Reblogged this on Simon Hamer and commented:
Interesting – I hope there will be some sort of accurate filtering against white noise, otherwise our era will be remembered for Beiber and Gaga, is that really representative of this generation?
Great sentence, “Language is only one small piece of what makes us who we are.” I watched Les Miserable last night. It confirmed music is a crucial outlet to understanding, not to mention beautiful.
[…] Should Historians “Mind” What’s Been Said?. […]
Wow this is really cool. If they develop this tool more it will be awesome to see what they find.
Reblogged this on nintendorick.
Woah
This was a very interesting post. I love ending on context is king.

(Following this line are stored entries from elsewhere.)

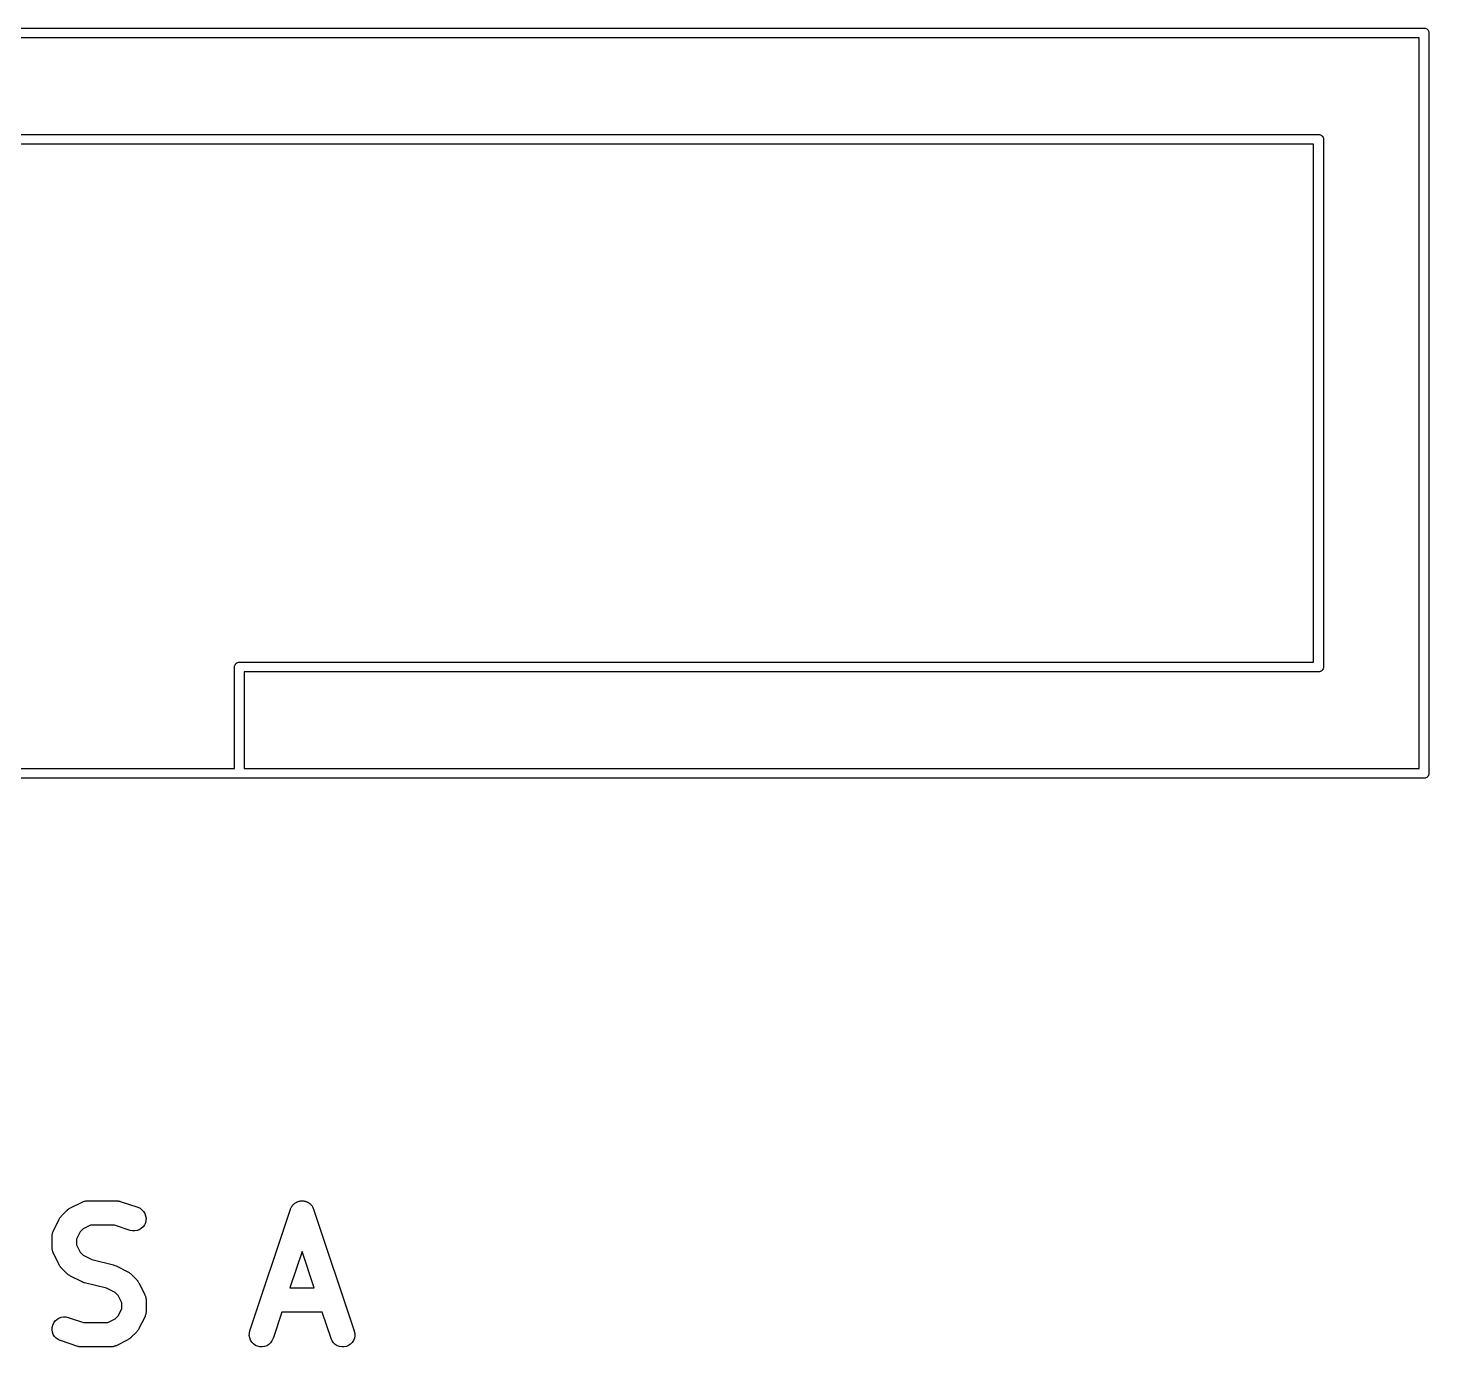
# Model space of a CAD drawing. Extents: x 0.26 to 6.88, y 0.69 to 3.68.
# Drawn here: x 3.153 to 3.832, y 0.692 to 1.332 of the extents above; entities that cross this region are included whole.
import ezdxf

# ---------------------------------------------------------------- set-up
doc = ezdxf.new("R2010")
doc.units = 0
doc.header["$MEASUREMENT"] = 0
doc.layers.add('BLACK', color=7, linetype='CONTINUOUS')

msp = doc.modelspace()

# ---------------------------------------------------------------- linework, layer by layer
at = {"layer": 'BLACK', "linetype": 'CONTINUOUS'}
for p, q in [((2.52, 1.33189), (3.83, 1.33189)), ((3.83, 1.33189), (3.83012, 1.3319)), ((3.83012, 1.3319), (3.83023, 1.33189)), ((3.83023, 1.33189), (3.83023, 1.33189)), ((3.83023, 1.33189), (3.83058, 1.33186)), ((3.83058, 1.33186), (3.83103, 1.33172)), ((3.83103, 1.33172), (3.83144, 1.3315)), ((3.83144, 1.3315), (3.8318, 1.33121)), ((3.82776, 1.32717), (2.52224, 1.32717)), ((3.82776, 0.972835), (3.82776, 1.32717)), ((3.8318, 1.33121), (3.83209, 1.33085)), ((3.83209, 1.33085), (3.83231, 1.33044)), ((3.83231, 1.33044), (3.83245, 1.32999)), ((3.83245, 1.32999), (3.83249, 1.32953)), ((3.83249, 1.32953), (3.83248, 1.32941)), ((3.83248, 1.32941), (3.83248, 0.970588)), ((2.57118, 1.28031), (3.77882, 1.28031)), ((3.77882, 1.28031), (3.77894, 1.28033)), ((3.77894, 1.28033), (3.77905, 1.28031)), ((3.77905, 1.28031), (3.77905, 1.28031)), ((3.77905, 1.28031), (3.7794, 1.28028)), ((3.7794, 1.28028), (3.77985, 1.28015)), ((3.77985, 1.28015), (3.78026, 1.27993)), ((3.78026, 1.27993), (3.78062, 1.27963)), ((3.78062, 1.27963), (3.78091, 1.27927)), ((3.78091, 1.27927), (3.78113, 1.27886)), ((3.78113, 1.27886), (3.78127, 1.27842)), ((3.78127, 1.27842), (3.78131, 1.27795)), ((3.78131, 1.27795), (3.7813, 1.27784)), ((3.7813, 1.27784), (3.7813, 1.02216)), ((3.77657, 1.27559), (2.57343, 1.27559)), ((3.77657, 1.02441), (3.77657, 1.27559)), ((3.25334, 1.02205), (3.25338, 1.02251)), ((3.25335, 1.02193), (3.25334, 1.02205)), ((3.25335, 0.972835), (3.25335, 1.02193)), ((3.25338, 1.02251), (3.25352, 1.02296)), ((3.25352, 1.02296), (3.25374, 1.02337)), ((3.25374, 1.02337), (3.25403, 1.02373)), ((3.25403, 1.02373), (3.25439, 1.02402)), ((3.25439, 1.02402), (3.2548, 1.02424)), ((3.2548, 1.02424), (3.25525, 1.02438)), ((3.25525, 1.02438), (3.25559, 1.02441)), ((3.25559, 1.02441), (3.25571, 1.02442)), ((3.25571, 1.02442), (3.25582, 1.02441)), ((3.25582, 1.02441), (3.77657, 1.02441)), ((3.77882, 1.01969), (3.25807, 1.01969)), ((3.25807, 1.01969), (3.25807, 0.972835)), ((3.77894, 1.01967), (3.77882, 1.01969)), ((3.7794, 1.01972), (3.77894, 1.01967)), ((3.77985, 1.01985), (3.7794, 1.01972)), ((3.78026, 1.02007), (3.77985, 1.01985)), ((3.78062, 1.02037), (3.78026, 1.02007)), ((3.78091, 1.02073), (3.78062, 1.02037)), ((3.78113, 1.02114), (3.78091, 1.02073)), ((3.78127, 1.02158), (3.78113, 1.02114)), ((3.7813, 1.02193), (3.78127, 1.02158)), ((3.7813, 1.02216), (3.78131, 1.02205)), ((3.78131, 1.02205), (3.7813, 1.02193)), ((3.7813, 1.02193), (3.7813, 1.02193)), ((3.09665, 0.972835), (3.25335, 0.972835)), ((3.25807, 0.972835), (3.82776, 0.972835)), ((3.25559, 0.96811), (3.09441, 0.96811)), ((3.25571, 0.968099), (3.25559, 0.96811)), ((3.25582, 0.96811), (3.25571, 0.968099)), ((3.83, 0.96811), (3.25582, 0.96811)), ((3.83012, 0.968099), (3.83, 0.96811)), ((3.83033, 0.968119), (3.83012, 0.968099)), ((3.83058, 0.968144), (3.83033, 0.968119)), ((3.83103, 0.968279), (3.83058, 0.968144)), ((3.83144, 0.968499), (3.83103, 0.968279)), ((3.8318, 0.968794), (3.83144, 0.968499)), ((3.83209, 0.969154), (3.8318, 0.968794)), ((3.83231, 0.969564), (3.83209, 0.969154)), ((3.83245, 0.970009), (3.83231, 0.969564)), ((3.83249, 0.970472), (3.83245, 0.970009)), ((3.83248, 0.970588), (3.83249, 0.970472)), ((3.17377, 0.75981), (3.17939, 0.762622)), ((3.17939, 0.762622), (3.17946, 0.762658)), ((3.17946, 0.762658), (3.17963, 0.762718)), ((3.17963, 0.762718), (3.17978, 0.7628)), ((3.17978, 0.7628), (3.18017, 0.762916)), ((3.18017, 0.762916), (3.18055, 0.763055)), ((3.18055, 0.763055), (3.18072, 0.763083)), ((3.18072, 0.763083), (3.18088, 0.763133)), ((3.18088, 0.763133), (3.18129, 0.763172)), ((3.18129, 0.763172), (3.18168, 0.763235)), ((3.18168, 0.763235), (3.18186, 0.763228)), ((3.18186, 0.763228), (3.18203, 0.763245)), ((3.18203, 0.763245), (3.19609, 0.763245)), ((3.19609, 0.763245), (3.19617, 0.763245)), ((3.19617, 0.763245), (3.1965, 0.763208)), ((3.1965, 0.763208), (3.19683, 0.763198)), ((3.19683, 0.763198), (3.19707, 0.763144)), ((3.19707, 0.763144), (3.19732, 0.763116)), ((3.19732, 0.763116), (3.19764, 0.763016)), ((3.19764, 0.763016), (3.19796, 0.762942)), ((3.19796, 0.762942), (3.2064, 0.76013)), ((3.28123, 0.760661), (3.28145, 0.761005)), ((3.28145, 0.761005), (3.28157, 0.761127)), ((3.28157, 0.761127), (3.28167, 0.761263)), ((3.28167, 0.761263), (3.28197, 0.76154)), ((3.28197, 0.76154), (3.28225, 0.761835)), ((3.28225, 0.761835), (3.28239, 0.761931)), ((3.28239, 0.761931), (3.28251, 0.762046)), ((3.28251, 0.762046), (3.28286, 0.76226)), ((3.28286, 0.76226), (3.2832, 0.762493)), ((3.2832, 0.762493), (3.28335, 0.762561)), ((3.28335, 0.762561), (3.28349, 0.762649)), ((3.28349, 0.762649), (3.28388, 0.762791)), ((3.28388, 0.762791), (3.28425, 0.762955)), ((3.28425, 0.762955), (3.28442, 0.762991)), ((3.28442, 0.762991), (3.28457, 0.76305)), ((3.28457, 0.76305), (3.28498, 0.763115)), ((3.28498, 0.763115), (3.28538, 0.763203)), ((3.28538, 0.763203), (3.28555, 0.763207)), ((3.28555, 0.763207), (3.28571, 0.763234)), ((3.28571, 0.763234), (3.28612, 0.763219)), ((3.28612, 0.763219), (3.28653, 0.763228)), ((3.28653, 0.763228), (3.2867, 0.763199)), ((3.2867, 0.763199), (3.28686, 0.763193)), ((3.28686, 0.763193), (3.28726, 0.763099)), ((3.28726, 0.763099), (3.28766, 0.763029)), ((3.28766, 0.763029), (3.28782, 0.762968)), ((3.28782, 0.762968), (3.28799, 0.762929)), ((3.28799, 0.762929), (3.28836, 0.76276)), ((3.28836, 0.76276), (3.28874, 0.762613)), ((3.28874, 0.762613), (3.28888, 0.762522)), ((3.28888, 0.762522), (3.28904, 0.762452)), ((3.28904, 0.762452), (3.28937, 0.762214)), ((3.28937, 0.762214), (3.28971, 0.761996)), ((3.28971, 0.761996), (3.28984, 0.761879)), ((3.28984, 0.761879), (3.28997, 0.761781)), ((3.28997, 0.761781), (3.29025, 0.761483)), ((3.29025, 0.761483), (3.29055, 0.761201)), ((3.29055, 0.761201), (3.29065, 0.761063)), ((3.29065, 0.761063), (3.29076, 0.76094)), ((3.29076, 0.76094), (3.29098, 0.760593)), ((3.1655, 0.748732), (3.16831, 0.754356)), ((3.16831, 0.754356), (3.16835, 0.75443)), ((3.16835, 0.75443), (3.16853, 0.754708)), ((3.16853, 0.754708), (3.16869, 0.755001)), ((3.16869, 0.755001), (3.16884, 0.755191)), ((3.16884, 0.755191), (3.16898, 0.755397)), ((3.16898, 0.755397), (3.16921, 0.755635)), ((3.16921, 0.755635), (3.16942, 0.755891)), ((3.16942, 0.755891), (3.17223, 0.758703)), ((3.17223, 0.758703), (3.17229, 0.758761)), ((3.17229, 0.758761), (3.17255, 0.758968)), ((3.17255, 0.758968), (3.17279, 0.759196)), ((3.17279, 0.759196), (3.173, 0.759327)), ((3.173, 0.759327), (3.17319, 0.75948)), ((3.17319, 0.75948), (3.17348, 0.759633)), ((3.17348, 0.759633), (3.17377, 0.75981)), ((3.2064, 0.76013), (3.20647, 0.760103)), ((3.20647, 0.760103), (3.20752, 0.759619)), ((3.20752, 0.759619), (3.20845, 0.758941)), ((3.20845, 0.758941), (3.20923, 0.758095)), ((3.20923, 0.758095), (3.20984, 0.757113)), ((3.20984, 0.757113), (3.21024, 0.756033)), ((3.21024, 0.756033), (3.21042, 0.754895)), ((3.21042, 0.754895), (3.21038, 0.753743)), ((3.26079, 0.700152), (3.28048, 0.759207)), ((3.28048, 0.759207), (3.2805, 0.759285)), ((3.2805, 0.759285), (3.28068, 0.759655)), ((3.28068, 0.759655), (3.28083, 0.760036)), ((3.28083, 0.760036), (3.28092, 0.760178)), ((3.28092, 0.760178), (3.28099, 0.760331)), ((3.28099, 0.760331), (3.28123, 0.760661)), ((3.29098, 0.760593), (3.29121, 0.76026)), ((3.29121, 0.76026), (3.29128, 0.760106)), ((3.29128, 0.760106), (3.29137, 0.759962)), ((3.29137, 0.759962), (3.29152, 0.75958)), ((3.29152, 0.75958), (3.29168, 0.759207)), ((3.29168, 0.759207), (3.31137, 0.700152)), ((3.16496, 0.746918), (3.16501, 0.747319)), ((3.16501, 0.747319), (3.16506, 0.747485)), ((3.16506, 0.747485), (3.16509, 0.747656)), ((3.16509, 0.747656), (3.16523, 0.748033)), ((3.16523, 0.748033), (3.16535, 0.748418)), ((3.16535, 0.748418), (3.16544, 0.74857)), ((3.16544, 0.74857), (3.1655, 0.748732)), ((3.17845, 0.748217), (3.17669, 0.744697)), ((3.1799, 0.749674), (3.17845, 0.748217)), ((3.18342, 0.751434), (3.1799, 0.749674)), ((3.19513, 0.751434), (3.18342, 0.751434)), ((3.20266, 0.748925), (3.19513, 0.751434)), ((3.20378, 0.748669), (3.20266, 0.748925)), ((3.20494, 0.748636), (3.20378, 0.748669)), ((3.20607, 0.748828), (3.20494, 0.748636)), ((3.20715, 0.749236), (3.20607, 0.748828)), ((3.20813, 0.749846), (3.20715, 0.749236)), ((3.20897, 0.750635), (3.20813, 0.749846)), ((3.20964, 0.751572), (3.20897, 0.750635)), ((3.21012, 0.752621), (3.20964, 0.751572)), ((3.21038, 0.753743), (3.21012, 0.752621)), ((3.16488, 0.746174), (3.1649, 0.746346)), ((3.16488, 0.746091), (3.16488, 0.746174)), ((3.16488, 0.740467), (3.16488, 0.746091)), ((3.16489, 0.740294), (3.16488, 0.740467)), ((3.16489, 0.74652), (3.16496, 0.746918)), ((3.1649, 0.746346), (3.16489, 0.74652)), ((3.17669, 0.744697), (3.17669, 0.741861)), ((3.17669, 0.741861), (3.17845, 0.738341)), ((3.16489, 0.74012), (3.16489, 0.740294)), ((3.16495, 0.739721), (3.16489, 0.74012)), ((3.16499, 0.73932), (3.16495, 0.739721)), ((3.16504, 0.739154), (3.16499, 0.73932)), ((3.16507, 0.738982), (3.16504, 0.739154)), ((3.16521, 0.738603), (3.16507, 0.738982)), ((3.16532, 0.738216), (3.16521, 0.738603)), ((3.1654, 0.738063), (3.16532, 0.738216)), ((3.16546, 0.7379), (3.1654, 0.738063)), ((3.1655, 0.737826), (3.16546, 0.7379)), ((3.16831, 0.732201), (3.1655, 0.737826)), ((3.17845, 0.738341), (3.1799, 0.736884)), ((3.1799, 0.736884), (3.18409, 0.73479)), ((3.18409, 0.73479), (3.19471, 0.732135)), ((3.28608, 0.738665), (3.28021, 0.721063)), ((3.29195, 0.721063), (3.28608, 0.738665)), ((3.16849, 0.731921), (3.16831, 0.732201)), ((3.16864, 0.731626), (3.16849, 0.731921)), ((3.16879, 0.731434), (3.16864, 0.731626)), ((3.16893, 0.731226), (3.16879, 0.731434)), ((3.16915, 0.730984), (3.16893, 0.731226)), ((3.16936, 0.730725), (3.16915, 0.730984)), ((3.16942, 0.730667), (3.16936, 0.730725)), ((3.17223, 0.727855), (3.16942, 0.730667)), ((3.17249, 0.727644), (3.17223, 0.727855)), ((3.17272, 0.727413), (3.17249, 0.727644)), ((3.17293, 0.727279), (3.17272, 0.727413)), ((3.17312, 0.727123), (3.17293, 0.727279)), ((3.17341, 0.726966), (3.17312, 0.727123)), ((3.17369, 0.726786), (3.17341, 0.726966)), ((3.19471, 0.732135), (3.19479, 0.732115)), ((3.19479, 0.732115), (3.19482, 0.732105)), ((3.19482, 0.732105), (3.19484, 0.732101)), ((3.19484, 0.732101), (3.19536, 0.731904)), ((3.19536, 0.731904), (3.19587, 0.731712)), ((3.19587, 0.731712), (3.19589, 0.731698)), ((3.19589, 0.731698), (3.19592, 0.731688)), ((3.19592, 0.731688), (3.20154, 0.728876)), ((3.20154, 0.728876), (3.20162, 0.728839)), ((3.20162, 0.728839), (3.2019, 0.728658)), ((3.2019, 0.728658), (3.20219, 0.728501)), ((3.20219, 0.728501), (3.20238, 0.728345)), ((3.20238, 0.728345), (3.20258, 0.728211)), ((3.20258, 0.728211), (3.20282, 0.72798)), ((3.20282, 0.72798), (3.20308, 0.72777)), ((3.20308, 0.72777), (3.20589, 0.724958)), ((3.17377, 0.726748), (3.17369, 0.726786)), ((3.17939, 0.723936), (3.17377, 0.726748)), ((3.17942, 0.723926), (3.17939, 0.723936)), ((3.17944, 0.723912), (3.17942, 0.723926)), ((3.17995, 0.723721), (3.17944, 0.723912)), ((3.18047, 0.723524), (3.17995, 0.723721)), ((3.18049, 0.723519), (3.18047, 0.723524)), ((3.18052, 0.72351), (3.18049, 0.723519)), ((3.1806, 0.723489), (3.18052, 0.72351)), ((3.19122, 0.720834), (3.1806, 0.723489)), ((3.19541, 0.71874), (3.19122, 0.720834)), ((3.20589, 0.724958), (3.20595, 0.724899)), ((3.20595, 0.724899), (3.20616, 0.72464)), ((3.20616, 0.72464), (3.20638, 0.724398)), ((3.20638, 0.724398), (3.20651, 0.724191)), ((3.20651, 0.724191), (3.20667, 0.723998)), ((3.20667, 0.723998), (3.20682, 0.723704)), ((3.20682, 0.723704), (3.207, 0.723423)), ((3.207, 0.723423), (3.20981, 0.717799)), ((3.28021, 0.721063), (3.29195, 0.721063)), ((3.19686, 0.717284), (3.19541, 0.71874)), ((3.19862, 0.713763), (3.19686, 0.717284)), ((3.19862, 0.710927), (3.19862, 0.713763)), ((3.20981, 0.717799), (3.20985, 0.717724)), ((3.20985, 0.717724), (3.20991, 0.717562)), ((3.20991, 0.717562), (3.20999, 0.717408)), ((3.20999, 0.717408), (3.2101, 0.717021)), ((3.2101, 0.717021), (3.21024, 0.716643)), ((3.21024, 0.716643), (3.21027, 0.716471)), ((3.21027, 0.716471), (3.21032, 0.716305)), ((3.21032, 0.716305), (3.21036, 0.715903)), ((3.21036, 0.715903), (3.21042, 0.715504)), ((3.21042, 0.715504), (3.21042, 0.715331)), ((3.21042, 0.715331), (3.21043, 0.715157)), ((3.21043, 0.715157), (3.21043, 0.709533)), ((3.16816, 0.706388), (3.16924, 0.706797)), ((3.16924, 0.706797), (3.17037, 0.706988)), ((3.17037, 0.706988), (3.17153, 0.706955)), ((3.17153, 0.706955), (3.17265, 0.706699)), ((3.17265, 0.706699), (3.18018, 0.70419)), ((3.19541, 0.70595), (3.19686, 0.707407)), ((3.19686, 0.707407), (3.19862, 0.710927)), ((3.20981, 0.706892), (3.207, 0.701268)), ((3.20987, 0.707055), (3.20981, 0.706892)), ((3.20996, 0.707207), (3.20987, 0.707055)), ((3.21008, 0.707591), (3.20996, 0.707207)), ((3.21022, 0.707968), (3.21008, 0.707591)), ((3.21025, 0.70814), (3.21022, 0.707968)), ((3.2103, 0.708305), (3.21025, 0.70814)), ((3.21035, 0.708706), (3.2103, 0.708305)), ((3.21042, 0.709104), (3.21035, 0.708706)), ((3.21043, 0.709451), (3.21041, 0.709278)), ((3.21041, 0.709278), (3.21042, 0.709104)), ((3.21043, 0.709533), (3.21043, 0.709451)), ((3.27628, 0.709252), (3.272, 0.696417)), ((3.29588, 0.709252), (3.27628, 0.709252)), ((3.30016, 0.696417), (3.29588, 0.709252)), ((3.16489, 0.70073), (3.16493, 0.701881)), ((3.16507, 0.699592), (3.16489, 0.70073)), ((3.16493, 0.701881), (3.16519, 0.703003)), ((3.16519, 0.703003), (3.16567, 0.704053)), ((3.16567, 0.704053), (3.16634, 0.704989)), ((3.16634, 0.704989), (3.16718, 0.705778)), ((3.16718, 0.705778), (3.16816, 0.706388)), ((3.18018, 0.70419), (3.19188, 0.70419)), ((3.19188, 0.70419), (3.19541, 0.70595)), ((3.20589, 0.699733), (3.20308, 0.696921)), ((3.2061, 0.699989), (3.20589, 0.699733)), ((3.20633, 0.700227), (3.2061, 0.699989)), ((3.20647, 0.700434), (3.20633, 0.700227)), ((3.20662, 0.700624), (3.20647, 0.700434)), ((3.20678, 0.700916), (3.20662, 0.700624)), ((3.20696, 0.701194), (3.20678, 0.700916)), ((3.207, 0.701268), (3.20696, 0.701194)), ((3.26054, 0.699028), (3.26079, 0.700152)), ((3.31137, 0.700152), (3.31139, 0.700074)), ((3.31139, 0.700074), (3.31163, 0.698946)), ((3.16547, 0.698511), (3.16507, 0.699592)), ((3.16608, 0.697529), (3.16547, 0.698511)), ((3.16686, 0.696683), (3.16608, 0.697529)), ((3.16779, 0.696005), (3.16686, 0.696683)), ((3.16884, 0.695521), (3.16779, 0.696005)), ((3.16891, 0.695494), (3.16884, 0.695521)), ((3.17735, 0.692682), (3.16891, 0.695494)), ((3.19568, 0.692906), (3.19553, 0.692825)), ((3.19585, 0.692966), (3.19568, 0.692906)), ((3.19592, 0.693003), (3.19585, 0.692966)), ((3.20154, 0.695815), (3.19592, 0.693003)), ((3.20183, 0.695991), (3.20154, 0.695815)), ((3.20212, 0.696144), (3.20183, 0.695991)), ((3.20231, 0.696297), (3.20212, 0.696144)), ((3.20252, 0.696428), (3.20231, 0.696297)), ((3.20276, 0.696656), (3.20252, 0.696428)), ((3.20302, 0.696863), (3.20276, 0.696656)), ((3.20308, 0.696921), (3.20302, 0.696863)), ((3.2605, 0.697876), (3.26054, 0.699028)), ((3.26069, 0.69674), (3.2605, 0.697876)), ((3.2611, 0.695662), (3.26069, 0.69674)), ((3.26171, 0.694684), (3.2611, 0.695662)), ((3.2625, 0.693844), (3.26171, 0.694684)), ((3.26344, 0.693172), (3.2625, 0.693844)), ((3.26449, 0.692695), (3.26344, 0.693172)), ((3.26898, 0.692975), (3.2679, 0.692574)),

Reblogged this on pluginforslot and commented:
All I ever wanted to have in my life.
Gonna play with a lot in the future.
I recently played around with ngram to track the change in the use of names given for New Zealand’s 19th century wars. While there were a few pitfalls to watch out for I was pleasantly surprised to see the results mirror the trends that I expected.
It seems to be a pretty exciting time to be a historical researcher and I hope that n-gram will continue to grow as a strong tool, hopefully including newspapers sooner than later.